= Varsity novel =

Literary genre

A varsity novel is a novel whose main action is set in and around the campus of a university and focuses on students rather than faculty. Examples include Evelyn Waugh's Brideshead Revisited, Donna Tartt's The Secret History, Tom Sharpe's Porterhouse Blue and Stephen Fry's The Liar and Making History. Novels that focus on faculty rather than students are often considered to belong to a distinct genre, termed campus novels.

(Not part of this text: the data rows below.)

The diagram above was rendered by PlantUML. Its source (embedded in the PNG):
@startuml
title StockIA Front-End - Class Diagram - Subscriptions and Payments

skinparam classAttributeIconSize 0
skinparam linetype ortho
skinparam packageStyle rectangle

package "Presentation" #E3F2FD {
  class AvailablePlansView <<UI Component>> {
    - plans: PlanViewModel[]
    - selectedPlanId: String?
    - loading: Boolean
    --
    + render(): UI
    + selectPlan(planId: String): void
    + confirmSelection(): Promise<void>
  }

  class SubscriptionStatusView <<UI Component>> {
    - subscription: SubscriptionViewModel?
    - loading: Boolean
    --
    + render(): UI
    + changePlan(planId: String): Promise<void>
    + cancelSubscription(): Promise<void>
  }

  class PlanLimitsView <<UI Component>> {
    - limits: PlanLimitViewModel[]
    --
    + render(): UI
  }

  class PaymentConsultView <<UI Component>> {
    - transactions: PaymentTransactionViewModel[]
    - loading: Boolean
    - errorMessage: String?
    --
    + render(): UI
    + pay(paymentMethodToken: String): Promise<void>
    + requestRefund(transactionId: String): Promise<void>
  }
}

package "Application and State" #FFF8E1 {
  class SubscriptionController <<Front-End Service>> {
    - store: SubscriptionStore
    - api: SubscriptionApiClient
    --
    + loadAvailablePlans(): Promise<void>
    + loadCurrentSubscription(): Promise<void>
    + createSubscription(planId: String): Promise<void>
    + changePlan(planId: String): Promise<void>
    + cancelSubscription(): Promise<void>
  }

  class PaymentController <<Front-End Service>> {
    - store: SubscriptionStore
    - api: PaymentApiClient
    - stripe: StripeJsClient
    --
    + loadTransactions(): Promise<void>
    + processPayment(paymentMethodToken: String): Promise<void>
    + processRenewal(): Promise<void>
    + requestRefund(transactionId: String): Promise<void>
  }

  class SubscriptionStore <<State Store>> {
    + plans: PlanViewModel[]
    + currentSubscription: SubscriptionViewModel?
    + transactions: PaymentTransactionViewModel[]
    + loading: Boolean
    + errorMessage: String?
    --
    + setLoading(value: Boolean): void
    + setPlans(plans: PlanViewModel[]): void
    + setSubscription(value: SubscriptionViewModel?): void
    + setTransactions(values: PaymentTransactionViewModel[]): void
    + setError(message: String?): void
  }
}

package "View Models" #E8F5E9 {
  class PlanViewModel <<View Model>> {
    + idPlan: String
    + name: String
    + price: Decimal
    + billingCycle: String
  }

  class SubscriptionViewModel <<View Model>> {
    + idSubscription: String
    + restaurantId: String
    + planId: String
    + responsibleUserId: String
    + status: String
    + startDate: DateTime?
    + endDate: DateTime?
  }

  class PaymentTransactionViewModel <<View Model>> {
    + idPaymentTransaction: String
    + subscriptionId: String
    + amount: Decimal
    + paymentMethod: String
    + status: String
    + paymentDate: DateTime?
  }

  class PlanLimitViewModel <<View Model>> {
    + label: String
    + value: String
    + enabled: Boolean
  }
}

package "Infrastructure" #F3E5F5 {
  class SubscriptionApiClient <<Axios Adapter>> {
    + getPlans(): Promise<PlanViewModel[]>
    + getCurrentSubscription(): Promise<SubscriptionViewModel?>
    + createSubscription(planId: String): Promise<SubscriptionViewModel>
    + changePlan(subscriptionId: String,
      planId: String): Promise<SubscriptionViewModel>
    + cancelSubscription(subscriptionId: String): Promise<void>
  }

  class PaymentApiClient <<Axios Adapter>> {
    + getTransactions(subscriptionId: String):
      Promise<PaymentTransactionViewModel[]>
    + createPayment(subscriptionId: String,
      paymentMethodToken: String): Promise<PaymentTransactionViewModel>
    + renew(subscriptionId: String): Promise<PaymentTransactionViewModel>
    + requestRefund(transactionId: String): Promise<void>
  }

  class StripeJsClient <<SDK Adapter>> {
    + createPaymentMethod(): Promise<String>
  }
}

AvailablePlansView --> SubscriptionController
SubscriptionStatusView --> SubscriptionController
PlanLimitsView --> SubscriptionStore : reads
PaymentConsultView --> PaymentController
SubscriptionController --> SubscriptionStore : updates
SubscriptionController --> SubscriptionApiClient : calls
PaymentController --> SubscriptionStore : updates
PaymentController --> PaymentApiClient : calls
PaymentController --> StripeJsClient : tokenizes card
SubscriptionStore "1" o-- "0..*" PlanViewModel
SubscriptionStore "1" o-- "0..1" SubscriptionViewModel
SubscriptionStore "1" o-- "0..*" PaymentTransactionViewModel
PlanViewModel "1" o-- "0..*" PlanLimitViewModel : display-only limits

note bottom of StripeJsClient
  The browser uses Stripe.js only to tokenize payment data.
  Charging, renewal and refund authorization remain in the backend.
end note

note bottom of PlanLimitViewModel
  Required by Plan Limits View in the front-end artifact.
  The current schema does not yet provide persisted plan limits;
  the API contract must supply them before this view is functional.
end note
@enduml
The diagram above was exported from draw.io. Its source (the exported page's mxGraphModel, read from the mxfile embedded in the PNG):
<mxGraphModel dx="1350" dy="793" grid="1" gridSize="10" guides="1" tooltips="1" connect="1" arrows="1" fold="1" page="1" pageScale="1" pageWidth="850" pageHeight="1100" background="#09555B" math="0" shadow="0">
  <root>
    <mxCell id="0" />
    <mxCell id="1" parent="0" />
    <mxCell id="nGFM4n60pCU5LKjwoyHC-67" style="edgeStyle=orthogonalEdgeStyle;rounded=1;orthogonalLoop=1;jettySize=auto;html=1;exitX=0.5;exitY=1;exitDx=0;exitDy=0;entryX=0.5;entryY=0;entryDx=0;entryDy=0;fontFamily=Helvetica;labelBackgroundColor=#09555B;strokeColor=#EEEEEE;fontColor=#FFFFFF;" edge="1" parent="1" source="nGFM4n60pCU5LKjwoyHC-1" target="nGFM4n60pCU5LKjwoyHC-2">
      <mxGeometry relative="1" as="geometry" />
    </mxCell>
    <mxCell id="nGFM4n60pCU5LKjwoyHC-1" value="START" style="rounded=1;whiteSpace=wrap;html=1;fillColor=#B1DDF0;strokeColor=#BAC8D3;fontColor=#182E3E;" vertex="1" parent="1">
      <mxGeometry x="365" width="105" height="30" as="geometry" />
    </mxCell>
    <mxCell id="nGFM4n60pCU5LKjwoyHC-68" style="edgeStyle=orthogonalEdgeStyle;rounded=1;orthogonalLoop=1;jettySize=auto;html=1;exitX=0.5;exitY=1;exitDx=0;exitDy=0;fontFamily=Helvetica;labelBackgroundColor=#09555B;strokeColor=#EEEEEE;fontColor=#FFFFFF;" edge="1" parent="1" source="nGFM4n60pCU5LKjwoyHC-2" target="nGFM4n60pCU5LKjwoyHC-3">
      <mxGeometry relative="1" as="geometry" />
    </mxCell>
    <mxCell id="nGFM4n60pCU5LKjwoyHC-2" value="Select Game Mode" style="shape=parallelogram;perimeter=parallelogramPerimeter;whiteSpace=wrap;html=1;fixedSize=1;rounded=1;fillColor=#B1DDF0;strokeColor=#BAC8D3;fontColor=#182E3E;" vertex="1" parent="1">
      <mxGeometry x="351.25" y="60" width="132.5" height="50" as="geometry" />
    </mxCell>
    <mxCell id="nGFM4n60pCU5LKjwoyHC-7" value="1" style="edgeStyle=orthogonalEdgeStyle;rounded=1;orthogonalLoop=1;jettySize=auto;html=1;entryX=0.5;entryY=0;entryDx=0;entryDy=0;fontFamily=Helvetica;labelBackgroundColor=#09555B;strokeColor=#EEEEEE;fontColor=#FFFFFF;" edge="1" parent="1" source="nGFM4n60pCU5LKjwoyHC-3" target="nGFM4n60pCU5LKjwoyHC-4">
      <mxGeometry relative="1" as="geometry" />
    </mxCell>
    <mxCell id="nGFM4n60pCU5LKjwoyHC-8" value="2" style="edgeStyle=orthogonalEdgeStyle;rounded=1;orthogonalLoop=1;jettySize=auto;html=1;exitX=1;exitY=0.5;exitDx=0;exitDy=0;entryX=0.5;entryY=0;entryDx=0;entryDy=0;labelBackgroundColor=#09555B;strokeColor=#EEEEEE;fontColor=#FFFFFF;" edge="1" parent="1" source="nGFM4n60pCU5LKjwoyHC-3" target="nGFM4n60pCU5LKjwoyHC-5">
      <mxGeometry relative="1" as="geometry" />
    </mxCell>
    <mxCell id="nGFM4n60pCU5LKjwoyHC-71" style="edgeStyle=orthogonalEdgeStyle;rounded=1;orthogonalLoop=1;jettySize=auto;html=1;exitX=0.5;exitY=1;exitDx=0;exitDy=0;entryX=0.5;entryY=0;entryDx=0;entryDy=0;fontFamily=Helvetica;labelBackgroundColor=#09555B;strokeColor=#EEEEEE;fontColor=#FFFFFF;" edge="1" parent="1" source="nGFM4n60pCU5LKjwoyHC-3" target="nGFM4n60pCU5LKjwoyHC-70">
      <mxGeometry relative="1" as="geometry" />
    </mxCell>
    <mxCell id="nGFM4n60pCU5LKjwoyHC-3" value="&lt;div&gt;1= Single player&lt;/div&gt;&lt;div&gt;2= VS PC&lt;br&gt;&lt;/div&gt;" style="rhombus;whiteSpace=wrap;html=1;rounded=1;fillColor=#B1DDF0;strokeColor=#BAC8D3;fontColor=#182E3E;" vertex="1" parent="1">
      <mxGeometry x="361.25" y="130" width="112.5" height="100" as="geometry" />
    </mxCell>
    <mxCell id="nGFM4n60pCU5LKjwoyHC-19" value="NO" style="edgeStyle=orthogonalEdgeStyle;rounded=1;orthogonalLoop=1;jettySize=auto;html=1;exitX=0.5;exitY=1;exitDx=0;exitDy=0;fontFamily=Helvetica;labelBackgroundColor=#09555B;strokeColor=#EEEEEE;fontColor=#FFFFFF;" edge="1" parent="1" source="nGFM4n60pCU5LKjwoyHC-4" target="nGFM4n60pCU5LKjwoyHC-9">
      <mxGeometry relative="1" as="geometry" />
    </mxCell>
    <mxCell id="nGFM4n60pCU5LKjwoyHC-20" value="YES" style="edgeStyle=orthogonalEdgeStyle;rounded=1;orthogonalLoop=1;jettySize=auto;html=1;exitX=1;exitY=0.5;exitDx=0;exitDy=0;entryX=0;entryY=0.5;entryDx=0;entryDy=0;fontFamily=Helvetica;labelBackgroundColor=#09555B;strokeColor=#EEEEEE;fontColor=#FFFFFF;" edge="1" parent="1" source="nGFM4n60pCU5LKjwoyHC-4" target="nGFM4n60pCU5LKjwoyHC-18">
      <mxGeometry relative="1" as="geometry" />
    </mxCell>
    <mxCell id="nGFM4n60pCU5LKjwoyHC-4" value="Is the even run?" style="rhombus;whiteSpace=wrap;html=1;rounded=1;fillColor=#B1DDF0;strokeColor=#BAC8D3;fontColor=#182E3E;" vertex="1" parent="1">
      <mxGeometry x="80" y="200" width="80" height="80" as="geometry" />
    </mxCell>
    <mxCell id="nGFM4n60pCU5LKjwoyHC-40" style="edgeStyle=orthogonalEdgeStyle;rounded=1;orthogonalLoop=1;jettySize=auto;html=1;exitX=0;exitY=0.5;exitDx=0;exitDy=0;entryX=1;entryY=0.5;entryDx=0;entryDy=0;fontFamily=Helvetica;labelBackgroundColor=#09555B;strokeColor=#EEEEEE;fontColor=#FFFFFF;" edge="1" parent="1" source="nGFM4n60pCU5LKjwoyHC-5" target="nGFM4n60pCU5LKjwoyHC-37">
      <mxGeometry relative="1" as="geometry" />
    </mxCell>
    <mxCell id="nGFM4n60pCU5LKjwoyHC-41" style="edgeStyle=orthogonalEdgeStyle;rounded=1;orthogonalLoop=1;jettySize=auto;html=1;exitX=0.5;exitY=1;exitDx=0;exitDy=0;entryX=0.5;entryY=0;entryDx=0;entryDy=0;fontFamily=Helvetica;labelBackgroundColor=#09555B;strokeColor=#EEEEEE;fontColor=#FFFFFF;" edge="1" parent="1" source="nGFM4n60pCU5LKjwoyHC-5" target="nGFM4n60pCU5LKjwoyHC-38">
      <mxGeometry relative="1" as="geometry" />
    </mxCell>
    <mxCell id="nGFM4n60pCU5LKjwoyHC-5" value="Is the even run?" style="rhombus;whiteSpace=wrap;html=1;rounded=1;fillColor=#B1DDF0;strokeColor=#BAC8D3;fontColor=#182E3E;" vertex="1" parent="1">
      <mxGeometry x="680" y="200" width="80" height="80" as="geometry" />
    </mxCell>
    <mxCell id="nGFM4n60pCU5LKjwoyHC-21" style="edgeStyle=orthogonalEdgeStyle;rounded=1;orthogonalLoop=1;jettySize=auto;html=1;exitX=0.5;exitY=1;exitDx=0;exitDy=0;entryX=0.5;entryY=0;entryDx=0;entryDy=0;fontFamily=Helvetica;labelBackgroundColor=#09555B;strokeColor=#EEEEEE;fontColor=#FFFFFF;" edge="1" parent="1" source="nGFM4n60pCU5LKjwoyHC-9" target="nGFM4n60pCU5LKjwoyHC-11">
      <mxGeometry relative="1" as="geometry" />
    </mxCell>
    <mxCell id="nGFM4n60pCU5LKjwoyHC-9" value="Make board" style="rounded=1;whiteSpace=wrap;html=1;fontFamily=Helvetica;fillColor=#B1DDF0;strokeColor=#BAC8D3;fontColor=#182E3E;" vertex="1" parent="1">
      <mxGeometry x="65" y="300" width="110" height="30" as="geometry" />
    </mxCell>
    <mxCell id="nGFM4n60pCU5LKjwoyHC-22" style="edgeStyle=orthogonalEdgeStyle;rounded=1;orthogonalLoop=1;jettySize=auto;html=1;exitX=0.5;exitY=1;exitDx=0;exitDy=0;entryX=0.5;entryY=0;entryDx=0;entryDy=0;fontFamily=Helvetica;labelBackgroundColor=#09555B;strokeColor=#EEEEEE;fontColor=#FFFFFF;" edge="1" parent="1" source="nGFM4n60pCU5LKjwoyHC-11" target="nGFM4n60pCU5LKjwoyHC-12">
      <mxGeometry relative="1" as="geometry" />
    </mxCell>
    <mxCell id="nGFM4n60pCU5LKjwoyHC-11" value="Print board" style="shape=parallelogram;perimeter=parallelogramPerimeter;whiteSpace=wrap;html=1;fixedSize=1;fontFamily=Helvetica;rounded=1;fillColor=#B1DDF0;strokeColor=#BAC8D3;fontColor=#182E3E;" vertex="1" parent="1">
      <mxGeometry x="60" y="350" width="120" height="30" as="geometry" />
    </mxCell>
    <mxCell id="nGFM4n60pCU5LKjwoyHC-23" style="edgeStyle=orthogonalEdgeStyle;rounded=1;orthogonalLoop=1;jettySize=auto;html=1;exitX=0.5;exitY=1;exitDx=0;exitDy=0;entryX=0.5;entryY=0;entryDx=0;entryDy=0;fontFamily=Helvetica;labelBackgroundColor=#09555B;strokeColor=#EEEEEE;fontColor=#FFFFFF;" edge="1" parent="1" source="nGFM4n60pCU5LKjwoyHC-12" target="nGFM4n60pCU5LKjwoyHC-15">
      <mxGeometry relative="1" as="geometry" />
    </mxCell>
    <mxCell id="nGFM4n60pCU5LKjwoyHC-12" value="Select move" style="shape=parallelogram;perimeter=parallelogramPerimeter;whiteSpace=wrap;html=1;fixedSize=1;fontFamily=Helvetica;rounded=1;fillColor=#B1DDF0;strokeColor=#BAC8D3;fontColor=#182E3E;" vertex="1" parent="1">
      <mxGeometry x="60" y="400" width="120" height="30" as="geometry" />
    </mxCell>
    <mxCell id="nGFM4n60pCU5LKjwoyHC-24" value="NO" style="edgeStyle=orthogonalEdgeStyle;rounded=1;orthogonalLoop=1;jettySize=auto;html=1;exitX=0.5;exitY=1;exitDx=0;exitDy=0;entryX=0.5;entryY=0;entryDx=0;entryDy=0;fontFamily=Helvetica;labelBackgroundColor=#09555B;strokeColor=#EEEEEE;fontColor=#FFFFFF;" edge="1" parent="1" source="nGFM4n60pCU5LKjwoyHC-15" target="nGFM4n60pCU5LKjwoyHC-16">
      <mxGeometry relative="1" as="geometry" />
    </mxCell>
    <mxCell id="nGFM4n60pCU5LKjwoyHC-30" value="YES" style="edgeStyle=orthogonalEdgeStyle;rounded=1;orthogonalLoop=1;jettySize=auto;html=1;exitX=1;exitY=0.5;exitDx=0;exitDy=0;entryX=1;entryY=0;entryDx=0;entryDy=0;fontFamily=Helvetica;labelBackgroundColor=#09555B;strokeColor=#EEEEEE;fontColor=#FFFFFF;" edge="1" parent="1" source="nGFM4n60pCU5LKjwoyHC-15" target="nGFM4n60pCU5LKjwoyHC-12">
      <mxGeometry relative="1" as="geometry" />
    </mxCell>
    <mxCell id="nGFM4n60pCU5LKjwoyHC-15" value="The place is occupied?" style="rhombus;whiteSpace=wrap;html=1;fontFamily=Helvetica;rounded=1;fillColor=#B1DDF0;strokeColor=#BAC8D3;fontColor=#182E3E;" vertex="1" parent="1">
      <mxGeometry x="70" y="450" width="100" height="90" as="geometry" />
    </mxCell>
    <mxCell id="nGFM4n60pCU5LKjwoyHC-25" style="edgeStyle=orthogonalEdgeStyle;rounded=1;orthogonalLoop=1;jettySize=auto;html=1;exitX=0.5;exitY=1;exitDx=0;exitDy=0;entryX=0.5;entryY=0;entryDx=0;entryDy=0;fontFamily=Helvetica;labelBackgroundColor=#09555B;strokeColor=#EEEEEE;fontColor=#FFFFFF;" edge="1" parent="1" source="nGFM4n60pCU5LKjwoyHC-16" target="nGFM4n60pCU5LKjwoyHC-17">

Aida Edemariam, analyzing David Lodge's novels, identifies that varsity novels "[are] set at Oxbridge, and usually among students." For his part, Lodge considers that the varsity novel was called as such "[b]efore World War II...[relating] the exploits of young men at Oxbridge, of which Max Beerbohm's Zuleika Dobson was a classic instance, and the first section of Evelyn Waugh's Brideshead Revisited was perhaps the swan-song." However, The Nationals Malcolm Forbes, asserts "that...all modern varsity novels, have an antecedent in Brideshead Revisited." Furthermore, Forbes considers, that the "[t]he prime example...is Donna Tartt's debut The Secret History (1992), a critical and commercial success that spawned several imitators, the most notable being Marisha Pessl's Special Topics in Calamity Physics." Forbes considers that Benjamin Wood, in his debut novel The Bellwether Revivals, "does for Cambridge what Evelyn Waugh does for Oxford." Another debut novel that falls under this genre is N. D. Williams' Ikael Torass. An early representative of the varsity novel is Edward Bradley's The Adventures of Mr. Verdant Green, while a later example is Tom Wolfe's I Am Charlotte Simmons.

For his part, Geoffrey Wheatcroft, states that by the publication of Kingsley Amis' Lucky Jim (1954), a campus novel, asserts that "the varsity novel was well established in England, often marked by lushly sentimental reminiscence of gilded undergraduate life, as in Sinister Street by Compton Mackenzie or Waugh's Brideshead Revisited."

Frederic Raphael's The Glittering Prizes is a varsity novelization from the television series of the same name. Philip Tew's The Gift of Death, a novel he turned in for his thesis, "reworks the tradition of [both] the campus or varsity novel, detailing lives tied to the rhythms of the academy." A noted female writer was "Alan St. Aubyn, a pseudonym for Mrs. Frances Marshall, [who] wrote women's "varsity novels"." Though Rikki Ducornet's Brightfellow has been called "perhaps her most accessible book," it is also considered "the oddest of varsity novels."

The university setting may be a real institution or a fictional university.